# [EXERCISE OBJECTIVE]
Check each line below for the word "internal", and copy those that have it.
= = = = =
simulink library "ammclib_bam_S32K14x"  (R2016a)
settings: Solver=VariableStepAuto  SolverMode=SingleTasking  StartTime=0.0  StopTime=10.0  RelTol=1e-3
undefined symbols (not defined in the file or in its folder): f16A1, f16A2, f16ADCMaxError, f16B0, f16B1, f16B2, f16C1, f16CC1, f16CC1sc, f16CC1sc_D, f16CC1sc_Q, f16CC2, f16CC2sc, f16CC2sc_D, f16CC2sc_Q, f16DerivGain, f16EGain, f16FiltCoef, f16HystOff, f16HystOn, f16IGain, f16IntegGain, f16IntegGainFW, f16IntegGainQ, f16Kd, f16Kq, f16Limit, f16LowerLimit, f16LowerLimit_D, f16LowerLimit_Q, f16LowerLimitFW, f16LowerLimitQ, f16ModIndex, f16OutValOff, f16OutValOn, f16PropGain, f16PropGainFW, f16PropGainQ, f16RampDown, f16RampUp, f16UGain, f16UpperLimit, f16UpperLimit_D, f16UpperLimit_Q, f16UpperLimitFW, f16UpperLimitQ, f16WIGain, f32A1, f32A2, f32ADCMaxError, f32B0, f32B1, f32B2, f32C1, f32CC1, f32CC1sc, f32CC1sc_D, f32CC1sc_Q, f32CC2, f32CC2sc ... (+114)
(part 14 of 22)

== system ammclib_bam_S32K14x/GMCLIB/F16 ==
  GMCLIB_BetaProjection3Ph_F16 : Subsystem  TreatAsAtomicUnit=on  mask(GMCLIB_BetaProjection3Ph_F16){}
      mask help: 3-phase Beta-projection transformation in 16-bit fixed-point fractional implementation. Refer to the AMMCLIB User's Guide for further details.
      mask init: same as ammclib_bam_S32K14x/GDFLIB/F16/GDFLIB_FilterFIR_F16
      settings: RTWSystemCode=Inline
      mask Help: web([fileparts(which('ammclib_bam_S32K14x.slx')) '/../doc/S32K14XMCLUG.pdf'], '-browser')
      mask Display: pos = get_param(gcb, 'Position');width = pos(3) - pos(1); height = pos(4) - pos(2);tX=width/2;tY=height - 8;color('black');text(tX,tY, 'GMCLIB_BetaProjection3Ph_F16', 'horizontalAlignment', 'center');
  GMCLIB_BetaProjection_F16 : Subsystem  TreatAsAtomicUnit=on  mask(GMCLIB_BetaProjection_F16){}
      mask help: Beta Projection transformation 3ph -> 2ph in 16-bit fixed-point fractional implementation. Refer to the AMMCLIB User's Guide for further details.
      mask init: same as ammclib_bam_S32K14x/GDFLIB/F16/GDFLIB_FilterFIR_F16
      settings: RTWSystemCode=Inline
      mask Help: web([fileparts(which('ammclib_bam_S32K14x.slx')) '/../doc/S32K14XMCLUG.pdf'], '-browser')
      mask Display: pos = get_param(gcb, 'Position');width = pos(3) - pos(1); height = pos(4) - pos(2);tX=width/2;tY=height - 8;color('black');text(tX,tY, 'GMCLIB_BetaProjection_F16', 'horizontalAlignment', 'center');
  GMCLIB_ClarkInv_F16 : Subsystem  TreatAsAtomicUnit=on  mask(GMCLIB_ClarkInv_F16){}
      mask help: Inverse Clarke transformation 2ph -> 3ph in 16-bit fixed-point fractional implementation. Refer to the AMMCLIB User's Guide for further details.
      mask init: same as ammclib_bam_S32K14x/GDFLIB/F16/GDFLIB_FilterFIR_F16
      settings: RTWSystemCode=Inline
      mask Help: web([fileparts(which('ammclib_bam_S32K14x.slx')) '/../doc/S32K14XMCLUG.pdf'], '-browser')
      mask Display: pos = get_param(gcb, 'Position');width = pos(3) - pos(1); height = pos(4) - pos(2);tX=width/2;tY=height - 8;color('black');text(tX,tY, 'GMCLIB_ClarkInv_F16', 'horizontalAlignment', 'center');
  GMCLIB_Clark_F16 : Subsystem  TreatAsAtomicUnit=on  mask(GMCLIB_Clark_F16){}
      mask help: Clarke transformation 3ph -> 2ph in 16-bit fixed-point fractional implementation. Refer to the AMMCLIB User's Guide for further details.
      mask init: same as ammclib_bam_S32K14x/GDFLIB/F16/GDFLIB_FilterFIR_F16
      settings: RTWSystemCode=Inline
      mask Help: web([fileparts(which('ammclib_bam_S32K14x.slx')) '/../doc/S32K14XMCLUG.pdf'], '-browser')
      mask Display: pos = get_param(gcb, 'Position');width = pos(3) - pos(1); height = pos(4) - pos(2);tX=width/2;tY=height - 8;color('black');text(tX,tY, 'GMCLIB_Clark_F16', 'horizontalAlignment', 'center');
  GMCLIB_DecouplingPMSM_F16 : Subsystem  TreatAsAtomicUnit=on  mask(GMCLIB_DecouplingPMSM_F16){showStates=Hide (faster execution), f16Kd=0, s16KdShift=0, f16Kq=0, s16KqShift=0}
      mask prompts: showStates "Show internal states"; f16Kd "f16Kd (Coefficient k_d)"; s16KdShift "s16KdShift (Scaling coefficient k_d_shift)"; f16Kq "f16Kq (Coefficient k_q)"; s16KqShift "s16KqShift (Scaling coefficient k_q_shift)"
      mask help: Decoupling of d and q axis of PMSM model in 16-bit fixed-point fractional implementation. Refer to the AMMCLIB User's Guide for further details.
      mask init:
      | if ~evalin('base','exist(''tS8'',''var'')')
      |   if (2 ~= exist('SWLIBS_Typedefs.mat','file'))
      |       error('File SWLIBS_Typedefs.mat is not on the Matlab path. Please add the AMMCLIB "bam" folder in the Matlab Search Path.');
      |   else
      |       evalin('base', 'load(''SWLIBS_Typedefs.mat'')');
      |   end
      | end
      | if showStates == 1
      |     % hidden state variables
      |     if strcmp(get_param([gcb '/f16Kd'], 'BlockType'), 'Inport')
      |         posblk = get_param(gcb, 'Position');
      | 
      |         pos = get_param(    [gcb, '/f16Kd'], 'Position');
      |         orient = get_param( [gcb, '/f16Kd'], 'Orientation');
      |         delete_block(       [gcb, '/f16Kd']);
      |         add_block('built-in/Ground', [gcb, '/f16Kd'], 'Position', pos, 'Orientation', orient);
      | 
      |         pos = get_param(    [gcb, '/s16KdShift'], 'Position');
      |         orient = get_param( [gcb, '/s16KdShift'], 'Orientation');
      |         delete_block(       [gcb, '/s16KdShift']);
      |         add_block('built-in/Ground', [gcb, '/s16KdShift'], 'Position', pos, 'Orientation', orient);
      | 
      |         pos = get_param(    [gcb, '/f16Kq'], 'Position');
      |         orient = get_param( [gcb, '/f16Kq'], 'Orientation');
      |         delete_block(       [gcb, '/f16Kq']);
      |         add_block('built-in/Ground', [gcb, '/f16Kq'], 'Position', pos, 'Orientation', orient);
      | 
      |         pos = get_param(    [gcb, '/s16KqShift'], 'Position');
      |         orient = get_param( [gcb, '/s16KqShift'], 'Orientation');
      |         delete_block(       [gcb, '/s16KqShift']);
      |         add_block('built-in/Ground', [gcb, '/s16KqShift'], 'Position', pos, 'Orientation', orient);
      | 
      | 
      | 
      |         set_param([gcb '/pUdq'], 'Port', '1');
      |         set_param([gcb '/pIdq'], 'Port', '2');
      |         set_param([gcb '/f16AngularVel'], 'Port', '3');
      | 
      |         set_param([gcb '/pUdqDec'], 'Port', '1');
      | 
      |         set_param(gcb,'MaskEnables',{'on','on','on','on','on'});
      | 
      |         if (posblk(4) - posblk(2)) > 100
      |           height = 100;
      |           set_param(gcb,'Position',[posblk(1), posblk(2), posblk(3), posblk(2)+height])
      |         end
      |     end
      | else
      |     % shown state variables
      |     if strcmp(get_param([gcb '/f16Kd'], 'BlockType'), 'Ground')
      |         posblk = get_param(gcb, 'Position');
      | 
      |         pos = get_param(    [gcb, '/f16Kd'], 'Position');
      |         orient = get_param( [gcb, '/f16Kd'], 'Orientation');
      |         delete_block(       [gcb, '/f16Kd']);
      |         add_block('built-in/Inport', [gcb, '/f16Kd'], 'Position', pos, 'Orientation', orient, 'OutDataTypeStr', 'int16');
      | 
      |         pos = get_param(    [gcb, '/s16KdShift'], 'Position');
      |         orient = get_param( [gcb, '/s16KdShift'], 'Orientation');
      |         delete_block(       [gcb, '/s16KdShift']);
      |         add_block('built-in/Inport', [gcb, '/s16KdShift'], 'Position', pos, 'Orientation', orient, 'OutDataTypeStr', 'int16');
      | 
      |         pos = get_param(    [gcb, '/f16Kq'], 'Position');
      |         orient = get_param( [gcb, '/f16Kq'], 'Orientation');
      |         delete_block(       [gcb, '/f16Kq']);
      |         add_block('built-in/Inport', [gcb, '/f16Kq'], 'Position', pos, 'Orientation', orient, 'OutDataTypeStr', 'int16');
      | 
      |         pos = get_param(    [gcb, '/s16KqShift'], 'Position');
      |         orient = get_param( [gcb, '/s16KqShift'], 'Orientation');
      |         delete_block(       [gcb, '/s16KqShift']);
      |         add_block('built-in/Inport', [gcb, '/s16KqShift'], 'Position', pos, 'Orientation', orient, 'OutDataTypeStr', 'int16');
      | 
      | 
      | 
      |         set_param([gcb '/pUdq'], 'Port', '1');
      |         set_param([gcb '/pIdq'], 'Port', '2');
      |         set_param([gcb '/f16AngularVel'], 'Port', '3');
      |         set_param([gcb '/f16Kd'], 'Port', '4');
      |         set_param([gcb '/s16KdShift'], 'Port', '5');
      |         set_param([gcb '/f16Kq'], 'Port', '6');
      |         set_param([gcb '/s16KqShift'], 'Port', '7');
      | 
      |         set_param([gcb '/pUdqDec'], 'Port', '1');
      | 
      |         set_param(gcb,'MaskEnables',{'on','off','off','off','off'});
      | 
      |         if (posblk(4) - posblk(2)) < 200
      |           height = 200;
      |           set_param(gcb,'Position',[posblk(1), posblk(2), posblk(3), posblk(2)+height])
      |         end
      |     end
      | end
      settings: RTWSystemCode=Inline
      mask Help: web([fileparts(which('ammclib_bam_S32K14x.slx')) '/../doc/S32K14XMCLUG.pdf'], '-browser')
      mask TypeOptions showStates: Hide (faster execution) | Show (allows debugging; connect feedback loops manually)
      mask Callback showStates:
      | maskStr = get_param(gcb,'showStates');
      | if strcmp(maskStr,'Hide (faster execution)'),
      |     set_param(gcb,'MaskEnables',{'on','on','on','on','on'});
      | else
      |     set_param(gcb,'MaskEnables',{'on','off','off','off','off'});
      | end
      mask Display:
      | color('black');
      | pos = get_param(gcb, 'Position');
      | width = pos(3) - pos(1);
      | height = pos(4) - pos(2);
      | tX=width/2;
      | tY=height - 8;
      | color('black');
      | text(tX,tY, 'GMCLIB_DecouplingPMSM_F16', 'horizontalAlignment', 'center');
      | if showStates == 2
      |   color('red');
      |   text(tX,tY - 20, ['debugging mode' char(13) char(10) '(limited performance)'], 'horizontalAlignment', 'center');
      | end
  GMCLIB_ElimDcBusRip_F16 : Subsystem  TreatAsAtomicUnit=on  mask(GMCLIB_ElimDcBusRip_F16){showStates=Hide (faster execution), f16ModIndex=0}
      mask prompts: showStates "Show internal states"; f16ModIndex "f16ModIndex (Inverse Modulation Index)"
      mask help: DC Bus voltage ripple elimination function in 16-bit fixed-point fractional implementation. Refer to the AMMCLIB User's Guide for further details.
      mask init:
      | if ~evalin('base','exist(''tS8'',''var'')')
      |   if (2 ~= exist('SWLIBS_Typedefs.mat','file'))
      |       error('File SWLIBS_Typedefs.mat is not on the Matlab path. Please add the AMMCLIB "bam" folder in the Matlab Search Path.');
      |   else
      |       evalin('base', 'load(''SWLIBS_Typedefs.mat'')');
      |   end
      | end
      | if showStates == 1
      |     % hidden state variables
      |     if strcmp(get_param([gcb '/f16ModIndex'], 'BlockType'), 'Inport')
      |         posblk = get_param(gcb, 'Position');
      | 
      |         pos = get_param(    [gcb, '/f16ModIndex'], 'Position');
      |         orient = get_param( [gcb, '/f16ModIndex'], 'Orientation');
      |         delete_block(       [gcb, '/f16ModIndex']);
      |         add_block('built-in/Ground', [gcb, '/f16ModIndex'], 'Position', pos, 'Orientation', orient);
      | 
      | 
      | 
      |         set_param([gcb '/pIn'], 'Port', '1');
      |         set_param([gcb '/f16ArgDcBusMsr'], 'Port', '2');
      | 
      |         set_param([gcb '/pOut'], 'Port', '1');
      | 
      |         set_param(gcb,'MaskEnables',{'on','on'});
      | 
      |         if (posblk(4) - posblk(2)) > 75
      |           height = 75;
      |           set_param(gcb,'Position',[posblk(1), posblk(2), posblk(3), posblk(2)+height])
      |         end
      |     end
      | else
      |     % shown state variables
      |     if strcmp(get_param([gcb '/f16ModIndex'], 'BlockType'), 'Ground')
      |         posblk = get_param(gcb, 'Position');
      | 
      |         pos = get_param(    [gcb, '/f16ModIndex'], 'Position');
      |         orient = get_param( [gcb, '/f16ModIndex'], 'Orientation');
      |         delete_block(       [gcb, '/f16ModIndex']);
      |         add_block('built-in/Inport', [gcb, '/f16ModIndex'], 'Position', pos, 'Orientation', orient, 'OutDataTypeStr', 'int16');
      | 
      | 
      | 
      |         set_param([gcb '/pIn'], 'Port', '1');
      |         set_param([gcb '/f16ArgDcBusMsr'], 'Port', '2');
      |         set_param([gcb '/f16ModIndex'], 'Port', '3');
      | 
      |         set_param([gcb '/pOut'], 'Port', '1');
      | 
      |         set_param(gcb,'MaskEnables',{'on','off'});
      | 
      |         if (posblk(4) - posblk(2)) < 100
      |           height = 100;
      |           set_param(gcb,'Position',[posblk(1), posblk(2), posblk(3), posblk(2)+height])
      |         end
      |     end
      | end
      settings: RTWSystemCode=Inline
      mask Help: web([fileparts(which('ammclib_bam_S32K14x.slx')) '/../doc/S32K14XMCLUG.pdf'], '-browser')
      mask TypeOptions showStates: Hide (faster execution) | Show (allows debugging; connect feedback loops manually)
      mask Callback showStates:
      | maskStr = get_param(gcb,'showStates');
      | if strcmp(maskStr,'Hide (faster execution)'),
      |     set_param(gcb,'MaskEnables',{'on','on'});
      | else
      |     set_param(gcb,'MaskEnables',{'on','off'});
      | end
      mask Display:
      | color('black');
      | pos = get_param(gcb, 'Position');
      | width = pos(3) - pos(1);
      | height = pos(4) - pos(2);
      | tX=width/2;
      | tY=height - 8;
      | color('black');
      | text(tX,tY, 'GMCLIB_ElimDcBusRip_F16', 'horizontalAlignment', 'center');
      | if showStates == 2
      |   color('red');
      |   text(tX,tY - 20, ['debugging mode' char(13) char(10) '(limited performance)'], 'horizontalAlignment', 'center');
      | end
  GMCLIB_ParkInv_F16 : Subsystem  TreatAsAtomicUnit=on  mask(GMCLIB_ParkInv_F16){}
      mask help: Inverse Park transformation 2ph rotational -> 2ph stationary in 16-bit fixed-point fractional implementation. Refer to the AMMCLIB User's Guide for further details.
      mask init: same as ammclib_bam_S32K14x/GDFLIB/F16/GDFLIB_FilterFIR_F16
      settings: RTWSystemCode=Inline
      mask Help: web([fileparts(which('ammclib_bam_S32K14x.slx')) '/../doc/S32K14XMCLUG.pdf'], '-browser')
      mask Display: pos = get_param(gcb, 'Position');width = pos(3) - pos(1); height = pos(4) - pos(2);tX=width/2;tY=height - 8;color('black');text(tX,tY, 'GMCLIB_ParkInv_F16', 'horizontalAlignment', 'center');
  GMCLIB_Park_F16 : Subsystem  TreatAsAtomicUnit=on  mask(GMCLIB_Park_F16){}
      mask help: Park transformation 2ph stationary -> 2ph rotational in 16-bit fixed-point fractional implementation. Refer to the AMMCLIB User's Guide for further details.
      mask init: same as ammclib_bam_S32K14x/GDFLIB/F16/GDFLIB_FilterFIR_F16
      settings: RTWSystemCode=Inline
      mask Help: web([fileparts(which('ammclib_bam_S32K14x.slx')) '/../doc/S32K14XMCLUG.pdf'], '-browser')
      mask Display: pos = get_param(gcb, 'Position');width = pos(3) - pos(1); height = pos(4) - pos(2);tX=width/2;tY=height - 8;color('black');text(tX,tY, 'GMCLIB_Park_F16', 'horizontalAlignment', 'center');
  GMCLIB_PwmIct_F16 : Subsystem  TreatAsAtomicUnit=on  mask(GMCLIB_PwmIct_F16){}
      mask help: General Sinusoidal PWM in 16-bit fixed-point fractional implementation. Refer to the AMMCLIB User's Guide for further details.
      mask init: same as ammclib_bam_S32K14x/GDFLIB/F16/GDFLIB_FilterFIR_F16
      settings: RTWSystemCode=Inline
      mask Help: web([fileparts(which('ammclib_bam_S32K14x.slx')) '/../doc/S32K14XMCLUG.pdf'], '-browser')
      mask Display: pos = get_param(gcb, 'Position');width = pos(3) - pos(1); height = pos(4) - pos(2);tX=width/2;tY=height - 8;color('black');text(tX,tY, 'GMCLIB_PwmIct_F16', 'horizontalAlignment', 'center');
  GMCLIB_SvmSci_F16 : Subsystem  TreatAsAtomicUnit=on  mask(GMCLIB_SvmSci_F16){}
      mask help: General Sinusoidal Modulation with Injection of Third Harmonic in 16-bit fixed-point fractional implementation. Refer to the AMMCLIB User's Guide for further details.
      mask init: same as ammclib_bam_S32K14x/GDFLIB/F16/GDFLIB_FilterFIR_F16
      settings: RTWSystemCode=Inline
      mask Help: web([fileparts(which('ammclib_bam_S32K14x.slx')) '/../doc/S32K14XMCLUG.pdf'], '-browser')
= = = = =
# [SOLUTION BELOW]
      mask prompts: showStates "Show internal states"; f16Kd "f16Kd (Coefficient k_d)"; s16KdShift "s16KdShift (Scaling coefficient k_d_shift)"; f16Kq "f16Kq (Coefficient k_q)"; s16KqShift "s16KqShift (Scaling coefficient k_q_shift)"
      mask prompts: showStates "Show internal states"; f16ModIndex "f16ModIndex (Inverse Modulation Index)"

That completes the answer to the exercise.